_Input records:_
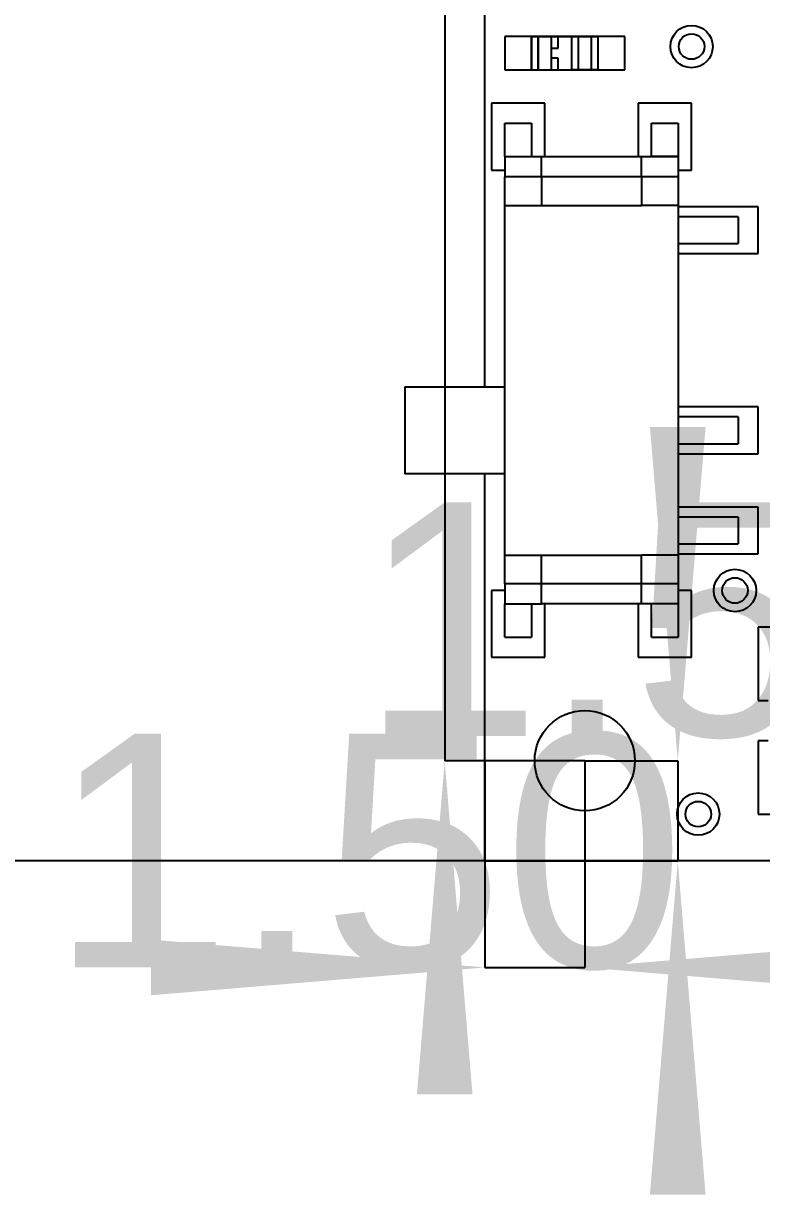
# Model space of a CAD drawing. Extents: x 78 to 182, y 87 to 136.
# Drawn here: x 90.96 to 102.02, y 86.95 to 104.5 of the extents above; entities that cross this region are included whole.
import ezdxf
from ezdxf.enums import TextEntityAlignment as Align

# ---------------------------------------------------------------- set-up
doc = ezdxf.new("R2010")
doc.units = 0
doc.layers.get('0').update_dxf_attribs({"linetype": 'CONTINUOUS'})
for name, color, linetype in [('Dimension001', 7, 'CONTINUOUS'), ('Dimension003', 7, 'CONTINUOUS'), ('Dimension004', 7, 'CONTINUOUS'), ('Dimension005', 7, 'CONTINUOUS'), ('View005', 7, 'CONTINUOUS')]:
    doc.layers.add(name, color=color, linetype=linetype)
doc.styles.get("Standard").update_dxf_attribs({"font": 'arial.ttf'})
doc.dimstyles.get("Standard").update_dxf_attribs({"dimscale": 0, "dimtxt": 2.5, "dimasz": 2.5, "dimexe": 1.25, "dimexo": 0.625, "dimtad": 1, "dimtxsty": 'STANDARD', "dimcen": 2.5, "dimazin": 3, "dimtfac": 1, "dimtmove": 0, "dimatfit": 3})

# ---------------------------------------------------------------- blocks, each defined once
blk = doc.blocks.new('*Dimension001')
at = {"color": 0}
for points in [[(83.3583, 128.95), (84.1917, 128.95), (83.775, 123.95)], [(83.3583, 86.95), (84.1917, 86.95), (83.775, 91.95)]]:
    blk.add_solid(points, dxfattribs=at)
at = {"layer": 'Dimension001'}
for p, q in [((112.875, 123.95), (83.775, 123.95)), ((83.775, 91.95), (83.775, 123.95)), ((112.875, 91.95), (83.775, 91.95))]:
    blk.add_line(p, q, dxfattribs=at)
blk.add_text('32.00', height=3.5, dxfattribs=at).set_placement((83.775, 107.95), align=Align.CENTER)
blk = doc.blocks.new('*Dimension003')
at = {"color": 0}
for points in [[(96.8583, 127.45), (97.6917, 127.45), (97.275, 122.45)], [(96.8583, 88.45), (97.6917, 88.45), (97.275, 93.45)]]:
    blk.add_solid(points, dxfattribs=at)
at = {"layer": 'Dimension003'}
for p, q in [((99.375, 122.45), (97.275, 122.45)), ((97.275, 122.45), (97.275, 93.45)), ((99.375, 93.45), (97.275, 93.45))]:
    blk.add_line(p, q, dxfattribs=at)
blk.add_text('29.00', height=3.5, dxfattribs=at).set_placement((97.275, 107.95), align=Align.CENTER)
blk = doc.blocks.new('*Dimension004')
at = {"color": 0}
for points in [[(101.185, 98.45), (100.351, 98.45), (100.768, 93.45)], [(101.185, 86.95), (100.351, 86.95), (100.768, 91.95)]]:
    blk.add_solid(points, dxfattribs=at)
at = {"layer": 'Dimension004'}
for p, q in [((99.375, 93.45), (100.768, 93.45)), ((100.768, 93.45), (100.768, 91.95)), ((97.875, 91.95), (100.768, 91.95))]:
    blk.add_line(p, q, dxfattribs=at)
blk.add_text('1.50', height=3.5, dxfattribs=at).set_placement((100.768, 93.8216), align=Align.CENTER)
blk = doc.blocks.new('*Dimension005')
at = {"color": 0}
for points in [[(92.875, 89.9365), (92.875, 90.7699), (97.875, 90.3532)], [(104.375, 89.9365), (104.375, 90.7699), (99.375, 90.3532)]]:
    blk.add_solid(points, dxfattribs=at)
at = {"layer": 'Dimension005'}
for p, q in [((97.875, 93.45), (97.875, 90.3532)), ((99.375, 93.45), (99.375, 90.3532)), ((97.875, 90.3532), (99.375, 90.3532))]:
    blk.add_line(p, q, dxfattribs=at)
blk.add_text('1.50', height=3.5, dxfattribs=at).set_placement((96.1183, 90.3532), align=Align.CENTER)

msp = doc.modelspace()

# ---------------------------------------------------------------- linework, layer by layer
at = {"layer": 'View005'}
for p, q in [((97.875, 99.05), (97.875, 104.95)), ((97.875, 99.05), (97.875, 104.95)), ((98.875, 104.3), (98.175, 104.3)), ((98.175, 104.3), (98.175, 103.8)), ((98.875, 104.3), (98.175, 104.3)), ((98.175, 104.3), (98.175, 103.8)), ((98.575, 104.3), (98.575, 103.8)), ((98.575, 103.8), (98.575, 104.3)), ((98.575, 104.3), (98.575, 103.8)), ((98.575, 103.8), (98.575, 104.3)), ((98.575, 104.3), (98.575, 103.8)), ((98.575, 103.8), (98.575, 104.3)), ((98.575, 104.3), (98.575, 103.8)), ((98.575, 103.8), (98.575, 104.3)), ((98.675, 104.3), (98.675, 103.8)), ((98.675, 103.8), (98.675, 104.3)), ((98.675, 104.3), (98.675, 103.8)), ((99.475, 104.3), (98.675, 104.3)), ((99.475, 104.3), (98.675, 104.3)), ((98.675, 104.3), (99.475, 104.3)), ((98.675, 104.3), (99.475, 104.3)), ((98.675, 103.8), (98.675, 104.3)), ((98.675, 104.3), (98.675, 103.8)), ((98.675, 103.8), (98.675, 104.3)), ((98.675, 104.3), (98.675, 103.8)), ((99.475, 104.3), (98.675, 104.3)), ((99.475, 104.3), (98.675, 104.3)), ((98.675, 104.3), (99.475, 104.3)), ((98.675, 104.3), (99.475, 104.3)), ((98.675, 103.8), (98.675, 104.3)), ((98.875, 103.8), (98.875, 104.3)), ((98.875, 103.8), (98.875, 104.3)), ((99.975, 104.3), (99.275, 104.3)), ((99.275, 104.3), (99.275, 103.8)), ((99.975, 104.3), (99.275, 104.3)), ((99.275, 104.3), (99.275, 103.8)), ((99.475, 103.8), (99.475, 104.3)), ((99.475, 103.8), (99.475, 104.3)), ((99.475, 103.8), (99.475, 104.3)), ((99.475, 103.8), (99.475, 104.3)), ((99.475, 103.8), (99.475, 104.3)), ((99.475, 103.8), (99.475, 104.3)), ((99.475, 103.8), (99.475, 104.3)), ((99.475, 103.8), (99.475, 104.3)), ((99.5109, 104.299), (99.5138, 104.299)), ((99.5118, 104.299), (99.5109, 104.299)), ((99.5109, 104.299), (99.5138, 104.299)), ((99.5118, 104.299), (99.5109, 104.299)), ((99.5146, 104.299), (99.5118, 104.299)), ((99.5146, 104.299), (99.5118, 104.299)), ((99.5211, 104.299), (99.5183, 104.299)), ((99.5211, 104.299), (99.5183, 104.299)), ((99.5191, 104.299), (99.5221, 104.299)), ((99.5191, 104.299), (99.5221, 104.299)), ((99.5221, 104.299), (99.5211, 104.299)), ((99.5221, 104.299), (99.5211, 104.299)), ((99.5222, 104.299), (99.5251, 104.299)), ((99.5231, 104.299), (99.5222, 104.299)), ((99.5222, 104.299), (99.5251, 104.299)), ((99.5231, 104.299), (99.5222, 104.299)), ((99.5259, 104.299), (99.5231, 104.299)), ((99.5259, 104.299), (99.5231, 104.299)), ((99.5324, 104.299), (99.5296, 104.299)), ((99.5324, 104.299), (99.5296, 104.299)), ((99.5304, 104.299), (99.5333, 104.299)), ((99.5304, 104.299), (99.5333, 104.299)), ((99.5333, 104.299), (99.5324, 104.299)), ((99.5333, 104.299), (99.5324, 104.299)), ((99.575, 103.8), (99.575, 104.3)), ((99.575, 103.8), (99.575, 104.3)), ((99.575, 103.8), (99.575, 104.3)), ((99.575, 103.8), (99.575, 104.3)), ((99.575, 103.8), (99.575, 104.3)), ((99.575, 103.8), (99.575, 104.3)), ((99.575, 103.8), (99.575, 104.3)), ((99.575, 103.8), (99.575, 104.3)), ((99.975, 103.8), (99.975, 104.3)), ((99.975, 103.8), (99.975, 104.3)), ((98.175, 103.8), (98.875, 103.8)), ((98.175, 103.8), (98.875, 103.8)), ((98.575, 103.8), (98.975, 103.8)), ((98.575, 103.8), (98.975, 103.8)), ((98.575, 103.8), (99.575, 103.8)), ((98.575, 103.8), (99.575, 103.8)), ((98.575, 103.8), (98.975, 103.8)), ((98.575, 103.8), (98.975, 103.8)), ((98.575, 103.8), (99.575, 103.8)), ((98.575, 103.8), (99.575, 103.8)), ((98.675, 103.8), (99.475, 103.8)), ((98.675, 103.8), (99.475, 103.8)), ((98.675, 103.8), (99.475, 103.8)), ((98.675, 103.8), (99.475, 103.8)), ((98.675, 103.8), (99.475, 103.8)), ((98.675, 103.8), (99.475, 103.8)), ((98.675, 103.8), (99.475, 103.8)), ((98.675, 103.8), (99.475, 103.8)), ((99.575, 103.8), (99.175, 103.8)), ((99.575, 103.8), (99.175, 103.8)), ((99.575, 103.8), (99.175, 103.8)), ((99.575, 103.8), (99.175, 103.8)), ((99.275, 103.8), (99.975, 103.8)), ((99.275, 103.8), (99.975, 103.8)), ((97.975, 103.3), (97.975, 102.3)), ((98.775, 103.3), (97.975, 103.3)), ((97.975, 103.3), (97.975, 102.3)), ((98.775, 103.3), (97.975, 103.3)), ((98.775, 102.5), (98.775, 103.3)), ((98.775, 102.5), (98.775, 103.3)), ((100.175, 103.3), (100.175, 102.5)), ((100.975, 103.3), (100.175, 103.3)), ((100.175, 103.3), (100.175, 102.5)), ((100.975, 103.3), (100.175, 103.3)), ((100.975, 102.3), (100.975, 103.3)), ((100.975, 102.3), (100.975, 103.3)), ((98.175, 102.5), (98.175, 103)), ((98.175, 103), (98.575, 103)), ((98.175, 102.5), (98.175, 103)), ((98.175, 103), (98.575, 103)), ((98.575, 103), (98.575, 102.5)), ((98.575, 103), (98.575, 102.5)), ((100.375, 102.5), (100.375, 103)), ((100.375, 103), (100.775, 103)), ((100.375, 102.5), (100.375, 103)), ((100.375, 103), (100.775, 103)), ((100.775, 103), (100.775, 102.5)), ((100.775, 103), (100.775, 102.5)), ((98.175, 102.5), (98.725, 102.5)), ((98.175, 102.5), (98.725, 102.5)), ((98.725, 102.5), (100.225, 102.5)), ((98.725, 102.5), (100.225, 102.5)), ((100.225, 102.5), (100.775, 102.5)), ((100.225, 102.5), (100.775, 102.5)), ((100.775, 102.5), (100.375, 102.5)), ((100.775, 102.5), (100.375, 102.5)), ((97.975, 102.3), (98.175, 102.3)), ((97.975, 102.3), (98.175, 102.3)), ((100.775, 102.3), (100.975, 102.3)), ((100.775, 102.3), (100.975, 102.3)), ((98.175, 101.77), (98.175, 102.2)), ((98.175, 101.77), (98.175, 102.2)), ((98.725, 102.2), (98.175, 102.2)), ((98.725, 102.2), (98.175, 102.2)), ((100.225, 102.2), (98.725, 102.2)), ((100.225, 102.2), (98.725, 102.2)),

_What you have to do:_ In the entries above, find the line that contains "doc.units = 0", then repeat exactly every line from the first one through that line, with no pictures.

_Finished exercise:_
# Model space of a CAD drawing. Extents: x 78 to 182, y 87 to 136.
# Drawn here: x 90.96 to 102.02, y 86.95 to 104.5 of the extents above; entities that cross this region are included whole.
import ezdxf
from ezdxf.enums import TextEntityAlignment as Align

# ---------------------------------------------------------------- set-up
doc = ezdxf.new("R2010")
doc.units = 0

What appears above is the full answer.